━━━━━ DATA LISTING ━━━━━
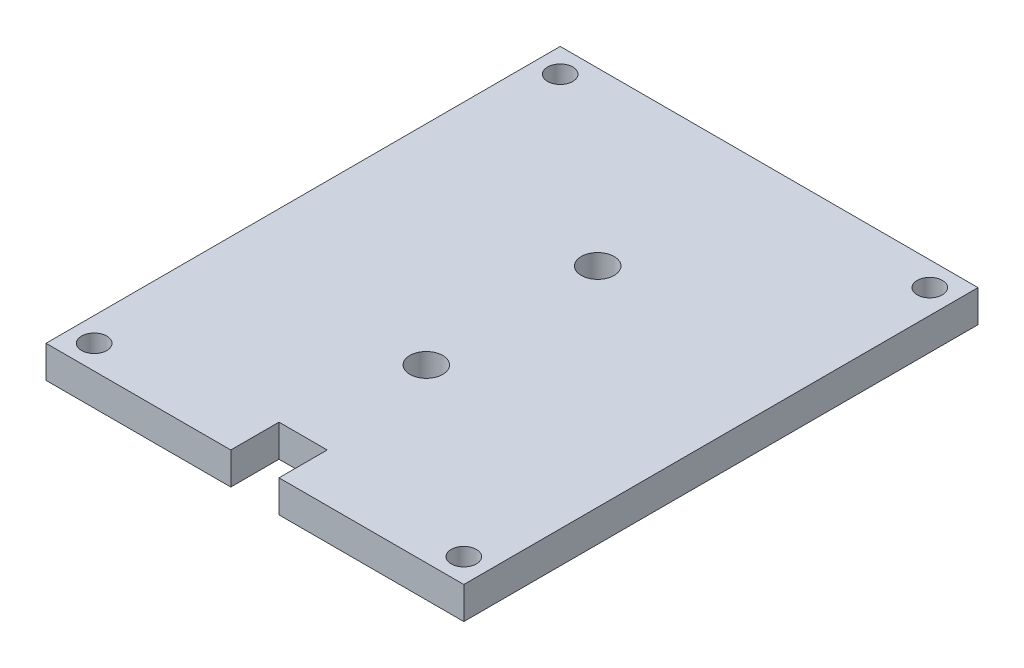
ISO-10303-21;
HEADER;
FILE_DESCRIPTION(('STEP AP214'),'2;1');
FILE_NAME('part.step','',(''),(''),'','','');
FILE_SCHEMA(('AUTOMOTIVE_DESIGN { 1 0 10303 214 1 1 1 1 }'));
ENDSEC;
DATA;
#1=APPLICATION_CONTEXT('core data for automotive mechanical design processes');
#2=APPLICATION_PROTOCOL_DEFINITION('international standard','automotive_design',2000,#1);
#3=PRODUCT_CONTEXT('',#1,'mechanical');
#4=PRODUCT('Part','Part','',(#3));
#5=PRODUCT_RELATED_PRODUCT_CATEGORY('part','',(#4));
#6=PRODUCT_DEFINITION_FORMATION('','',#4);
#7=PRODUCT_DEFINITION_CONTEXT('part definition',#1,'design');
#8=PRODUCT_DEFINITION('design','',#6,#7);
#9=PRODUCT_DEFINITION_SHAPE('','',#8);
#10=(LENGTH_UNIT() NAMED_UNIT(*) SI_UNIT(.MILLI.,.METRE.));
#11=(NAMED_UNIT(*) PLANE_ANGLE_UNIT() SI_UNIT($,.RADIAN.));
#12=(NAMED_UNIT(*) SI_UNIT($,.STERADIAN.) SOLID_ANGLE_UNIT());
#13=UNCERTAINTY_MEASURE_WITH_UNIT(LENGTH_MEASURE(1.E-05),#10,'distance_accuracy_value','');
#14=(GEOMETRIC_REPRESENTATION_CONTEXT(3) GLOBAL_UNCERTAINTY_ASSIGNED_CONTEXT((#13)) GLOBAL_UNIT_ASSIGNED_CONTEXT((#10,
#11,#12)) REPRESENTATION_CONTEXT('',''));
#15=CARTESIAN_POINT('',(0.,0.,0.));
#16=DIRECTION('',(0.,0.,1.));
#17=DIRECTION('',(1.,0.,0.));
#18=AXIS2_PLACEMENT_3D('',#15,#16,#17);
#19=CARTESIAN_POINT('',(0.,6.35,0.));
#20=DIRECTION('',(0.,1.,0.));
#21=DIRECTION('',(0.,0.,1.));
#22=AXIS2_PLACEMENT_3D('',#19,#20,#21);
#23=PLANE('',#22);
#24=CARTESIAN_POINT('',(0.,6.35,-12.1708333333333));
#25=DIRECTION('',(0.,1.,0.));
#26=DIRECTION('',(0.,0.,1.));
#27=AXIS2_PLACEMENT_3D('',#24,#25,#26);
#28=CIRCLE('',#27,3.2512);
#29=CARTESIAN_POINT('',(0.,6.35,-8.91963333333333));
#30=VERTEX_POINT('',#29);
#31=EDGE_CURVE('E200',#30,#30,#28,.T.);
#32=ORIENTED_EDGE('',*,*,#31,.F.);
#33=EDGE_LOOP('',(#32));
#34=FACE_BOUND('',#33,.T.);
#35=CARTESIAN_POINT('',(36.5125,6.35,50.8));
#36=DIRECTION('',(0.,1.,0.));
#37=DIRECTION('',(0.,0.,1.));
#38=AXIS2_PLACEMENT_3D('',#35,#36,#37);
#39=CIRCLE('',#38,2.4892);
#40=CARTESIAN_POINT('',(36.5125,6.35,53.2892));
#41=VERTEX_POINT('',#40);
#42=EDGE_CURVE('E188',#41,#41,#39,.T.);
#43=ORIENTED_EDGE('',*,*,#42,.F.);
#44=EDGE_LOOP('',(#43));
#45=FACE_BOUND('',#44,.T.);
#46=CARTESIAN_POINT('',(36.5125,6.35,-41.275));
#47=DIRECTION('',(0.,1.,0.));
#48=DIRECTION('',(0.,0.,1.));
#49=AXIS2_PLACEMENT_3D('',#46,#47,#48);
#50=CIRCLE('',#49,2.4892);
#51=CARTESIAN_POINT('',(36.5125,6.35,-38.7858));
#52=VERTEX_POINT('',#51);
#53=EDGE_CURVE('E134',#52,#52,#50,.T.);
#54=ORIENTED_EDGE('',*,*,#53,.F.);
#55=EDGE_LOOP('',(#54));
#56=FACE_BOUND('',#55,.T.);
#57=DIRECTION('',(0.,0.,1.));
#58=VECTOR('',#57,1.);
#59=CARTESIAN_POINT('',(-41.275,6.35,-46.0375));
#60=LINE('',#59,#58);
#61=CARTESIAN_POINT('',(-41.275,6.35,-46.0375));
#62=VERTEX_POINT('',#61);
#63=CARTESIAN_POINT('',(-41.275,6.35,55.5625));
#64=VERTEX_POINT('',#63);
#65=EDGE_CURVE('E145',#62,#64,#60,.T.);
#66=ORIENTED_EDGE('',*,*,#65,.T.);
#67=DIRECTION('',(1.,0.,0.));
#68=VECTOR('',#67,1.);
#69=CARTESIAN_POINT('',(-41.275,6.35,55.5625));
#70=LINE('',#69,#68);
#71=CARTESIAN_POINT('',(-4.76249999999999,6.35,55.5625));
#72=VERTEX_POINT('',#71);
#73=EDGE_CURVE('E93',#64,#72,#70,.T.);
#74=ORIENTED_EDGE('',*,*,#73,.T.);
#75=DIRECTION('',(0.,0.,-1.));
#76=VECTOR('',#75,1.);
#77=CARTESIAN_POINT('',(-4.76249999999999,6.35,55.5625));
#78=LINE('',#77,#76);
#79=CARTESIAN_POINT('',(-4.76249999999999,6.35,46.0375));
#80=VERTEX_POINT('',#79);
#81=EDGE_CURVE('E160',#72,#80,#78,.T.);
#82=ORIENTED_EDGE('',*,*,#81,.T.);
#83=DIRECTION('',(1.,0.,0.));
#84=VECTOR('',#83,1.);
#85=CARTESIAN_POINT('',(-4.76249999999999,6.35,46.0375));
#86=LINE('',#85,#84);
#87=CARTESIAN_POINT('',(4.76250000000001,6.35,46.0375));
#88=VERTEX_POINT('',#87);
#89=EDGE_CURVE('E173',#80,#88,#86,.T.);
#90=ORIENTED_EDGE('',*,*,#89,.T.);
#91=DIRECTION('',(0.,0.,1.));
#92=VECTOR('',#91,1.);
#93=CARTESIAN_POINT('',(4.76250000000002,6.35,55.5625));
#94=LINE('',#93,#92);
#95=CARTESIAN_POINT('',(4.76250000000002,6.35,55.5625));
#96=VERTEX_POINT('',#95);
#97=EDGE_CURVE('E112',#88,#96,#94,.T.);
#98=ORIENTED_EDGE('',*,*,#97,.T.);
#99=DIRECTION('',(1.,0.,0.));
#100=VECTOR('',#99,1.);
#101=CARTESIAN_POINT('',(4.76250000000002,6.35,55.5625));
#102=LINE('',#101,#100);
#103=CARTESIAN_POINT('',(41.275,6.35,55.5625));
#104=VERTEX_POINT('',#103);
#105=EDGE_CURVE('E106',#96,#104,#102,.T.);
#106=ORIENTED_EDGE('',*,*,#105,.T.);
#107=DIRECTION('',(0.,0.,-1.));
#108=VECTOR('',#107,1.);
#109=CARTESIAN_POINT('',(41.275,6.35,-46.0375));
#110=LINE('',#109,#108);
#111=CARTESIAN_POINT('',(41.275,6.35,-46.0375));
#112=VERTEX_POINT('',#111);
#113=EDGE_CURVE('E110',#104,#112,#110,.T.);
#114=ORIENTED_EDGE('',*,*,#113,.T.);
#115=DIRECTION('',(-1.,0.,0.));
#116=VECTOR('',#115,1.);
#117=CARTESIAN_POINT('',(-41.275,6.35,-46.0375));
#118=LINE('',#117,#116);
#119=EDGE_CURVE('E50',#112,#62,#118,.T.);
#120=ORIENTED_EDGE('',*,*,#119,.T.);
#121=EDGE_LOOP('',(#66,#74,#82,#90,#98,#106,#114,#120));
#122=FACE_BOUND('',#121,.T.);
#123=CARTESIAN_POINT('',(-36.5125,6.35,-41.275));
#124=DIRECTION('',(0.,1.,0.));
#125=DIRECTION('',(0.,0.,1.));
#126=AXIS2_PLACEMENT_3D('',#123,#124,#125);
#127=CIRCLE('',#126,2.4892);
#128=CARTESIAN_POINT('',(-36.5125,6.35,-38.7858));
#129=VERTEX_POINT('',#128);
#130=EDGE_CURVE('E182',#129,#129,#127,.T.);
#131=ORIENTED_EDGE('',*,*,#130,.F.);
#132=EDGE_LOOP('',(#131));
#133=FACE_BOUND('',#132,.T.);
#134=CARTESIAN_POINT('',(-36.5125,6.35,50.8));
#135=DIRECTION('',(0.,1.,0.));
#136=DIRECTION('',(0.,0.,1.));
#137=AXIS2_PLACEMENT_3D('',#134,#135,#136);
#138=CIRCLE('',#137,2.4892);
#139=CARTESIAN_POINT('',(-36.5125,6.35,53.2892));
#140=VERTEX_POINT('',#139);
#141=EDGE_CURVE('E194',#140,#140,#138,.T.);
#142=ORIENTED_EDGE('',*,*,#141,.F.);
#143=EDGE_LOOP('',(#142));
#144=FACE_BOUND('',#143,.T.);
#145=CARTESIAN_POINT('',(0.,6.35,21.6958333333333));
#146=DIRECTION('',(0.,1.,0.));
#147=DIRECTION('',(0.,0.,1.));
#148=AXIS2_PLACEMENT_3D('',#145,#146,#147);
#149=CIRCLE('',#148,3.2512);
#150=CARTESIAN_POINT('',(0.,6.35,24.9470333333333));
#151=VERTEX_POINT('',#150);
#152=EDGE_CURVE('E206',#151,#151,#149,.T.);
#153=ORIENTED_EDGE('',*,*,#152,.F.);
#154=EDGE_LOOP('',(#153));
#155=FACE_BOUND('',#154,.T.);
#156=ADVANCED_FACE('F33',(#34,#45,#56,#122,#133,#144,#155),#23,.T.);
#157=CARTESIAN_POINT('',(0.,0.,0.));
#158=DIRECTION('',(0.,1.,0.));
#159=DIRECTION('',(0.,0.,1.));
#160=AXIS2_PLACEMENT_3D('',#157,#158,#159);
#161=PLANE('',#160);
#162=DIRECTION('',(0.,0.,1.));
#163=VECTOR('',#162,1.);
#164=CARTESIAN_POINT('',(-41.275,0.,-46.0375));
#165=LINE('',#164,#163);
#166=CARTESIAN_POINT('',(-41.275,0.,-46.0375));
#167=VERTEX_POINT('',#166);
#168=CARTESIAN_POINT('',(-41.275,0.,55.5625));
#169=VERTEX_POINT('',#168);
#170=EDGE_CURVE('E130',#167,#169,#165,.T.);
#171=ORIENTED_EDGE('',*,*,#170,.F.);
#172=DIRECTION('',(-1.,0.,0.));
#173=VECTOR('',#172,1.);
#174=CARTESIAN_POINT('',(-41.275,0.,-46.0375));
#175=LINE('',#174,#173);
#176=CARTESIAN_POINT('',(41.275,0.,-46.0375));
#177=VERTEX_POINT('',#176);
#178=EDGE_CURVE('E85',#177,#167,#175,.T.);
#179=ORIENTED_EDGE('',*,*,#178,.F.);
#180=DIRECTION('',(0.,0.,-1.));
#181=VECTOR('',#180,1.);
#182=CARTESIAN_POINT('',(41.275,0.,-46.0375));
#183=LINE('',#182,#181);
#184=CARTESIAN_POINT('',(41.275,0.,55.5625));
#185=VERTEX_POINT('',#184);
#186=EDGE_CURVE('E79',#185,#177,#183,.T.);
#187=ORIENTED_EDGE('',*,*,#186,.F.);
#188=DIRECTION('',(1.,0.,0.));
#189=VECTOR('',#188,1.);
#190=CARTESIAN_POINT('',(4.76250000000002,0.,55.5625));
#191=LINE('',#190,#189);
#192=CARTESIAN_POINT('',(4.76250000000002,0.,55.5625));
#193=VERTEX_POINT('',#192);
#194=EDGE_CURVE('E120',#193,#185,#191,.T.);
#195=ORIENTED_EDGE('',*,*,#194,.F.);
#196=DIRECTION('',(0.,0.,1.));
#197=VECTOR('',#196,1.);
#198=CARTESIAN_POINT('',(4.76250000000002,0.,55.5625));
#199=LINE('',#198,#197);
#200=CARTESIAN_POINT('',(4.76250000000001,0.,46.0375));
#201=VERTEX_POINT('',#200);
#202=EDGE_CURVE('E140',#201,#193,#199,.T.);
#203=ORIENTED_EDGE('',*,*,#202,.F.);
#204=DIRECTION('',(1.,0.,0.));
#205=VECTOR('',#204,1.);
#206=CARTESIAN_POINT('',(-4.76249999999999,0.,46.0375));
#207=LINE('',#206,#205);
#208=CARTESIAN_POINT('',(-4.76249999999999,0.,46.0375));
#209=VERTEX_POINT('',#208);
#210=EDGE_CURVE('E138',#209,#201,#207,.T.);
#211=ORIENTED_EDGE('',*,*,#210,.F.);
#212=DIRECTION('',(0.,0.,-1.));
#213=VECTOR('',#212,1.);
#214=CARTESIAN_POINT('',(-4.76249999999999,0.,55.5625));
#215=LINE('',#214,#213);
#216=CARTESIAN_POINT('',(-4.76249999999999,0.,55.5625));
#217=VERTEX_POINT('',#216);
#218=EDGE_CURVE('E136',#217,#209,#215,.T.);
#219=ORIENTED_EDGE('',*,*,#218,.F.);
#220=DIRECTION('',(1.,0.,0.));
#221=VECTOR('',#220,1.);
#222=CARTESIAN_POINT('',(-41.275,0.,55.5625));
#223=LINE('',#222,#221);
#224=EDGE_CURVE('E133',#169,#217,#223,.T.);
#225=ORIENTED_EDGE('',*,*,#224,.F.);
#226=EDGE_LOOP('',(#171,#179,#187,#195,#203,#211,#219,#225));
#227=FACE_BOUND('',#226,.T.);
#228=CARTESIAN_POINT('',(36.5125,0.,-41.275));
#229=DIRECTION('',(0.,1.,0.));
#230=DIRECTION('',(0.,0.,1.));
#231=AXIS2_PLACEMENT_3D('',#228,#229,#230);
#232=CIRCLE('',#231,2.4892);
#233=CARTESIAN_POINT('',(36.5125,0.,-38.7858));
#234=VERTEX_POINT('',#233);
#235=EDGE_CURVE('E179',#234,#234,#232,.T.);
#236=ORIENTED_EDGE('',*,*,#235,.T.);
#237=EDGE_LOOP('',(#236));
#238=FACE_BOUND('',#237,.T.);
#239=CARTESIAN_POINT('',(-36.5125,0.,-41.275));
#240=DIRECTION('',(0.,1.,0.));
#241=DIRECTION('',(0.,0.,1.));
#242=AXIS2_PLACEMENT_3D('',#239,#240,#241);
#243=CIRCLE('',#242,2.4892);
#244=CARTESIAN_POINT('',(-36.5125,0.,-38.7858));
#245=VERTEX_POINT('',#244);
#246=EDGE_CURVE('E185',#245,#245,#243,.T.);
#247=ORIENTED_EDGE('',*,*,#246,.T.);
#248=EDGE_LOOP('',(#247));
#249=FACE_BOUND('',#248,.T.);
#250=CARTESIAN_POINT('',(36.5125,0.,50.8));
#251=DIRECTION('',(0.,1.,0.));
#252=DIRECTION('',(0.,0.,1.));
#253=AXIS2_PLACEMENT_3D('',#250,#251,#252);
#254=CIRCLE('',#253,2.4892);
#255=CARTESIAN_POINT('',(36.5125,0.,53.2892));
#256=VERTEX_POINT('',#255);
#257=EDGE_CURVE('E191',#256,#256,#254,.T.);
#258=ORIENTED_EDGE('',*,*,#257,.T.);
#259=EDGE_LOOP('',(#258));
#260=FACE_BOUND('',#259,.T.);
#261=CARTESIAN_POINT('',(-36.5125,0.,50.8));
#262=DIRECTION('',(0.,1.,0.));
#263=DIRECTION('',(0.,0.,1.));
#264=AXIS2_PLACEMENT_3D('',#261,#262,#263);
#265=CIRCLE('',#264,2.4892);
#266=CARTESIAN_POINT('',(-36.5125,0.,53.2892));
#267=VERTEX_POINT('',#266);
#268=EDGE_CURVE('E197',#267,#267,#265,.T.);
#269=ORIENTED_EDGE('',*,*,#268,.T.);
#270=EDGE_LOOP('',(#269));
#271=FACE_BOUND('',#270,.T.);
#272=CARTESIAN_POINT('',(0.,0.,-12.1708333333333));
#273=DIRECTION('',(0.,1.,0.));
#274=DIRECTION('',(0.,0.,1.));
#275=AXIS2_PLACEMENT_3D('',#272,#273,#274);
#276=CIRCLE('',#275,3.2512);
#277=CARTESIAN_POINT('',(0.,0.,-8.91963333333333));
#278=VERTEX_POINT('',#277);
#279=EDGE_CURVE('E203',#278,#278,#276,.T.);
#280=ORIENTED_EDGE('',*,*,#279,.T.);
━━━━━
Pull out all lines from the entries above in which the word "mechanical" appears.

#1=APPLICATION_CONTEXT('core data for automotive mechanical design processes');
#3=PRODUCT_CONTEXT('',#1,'mechanical');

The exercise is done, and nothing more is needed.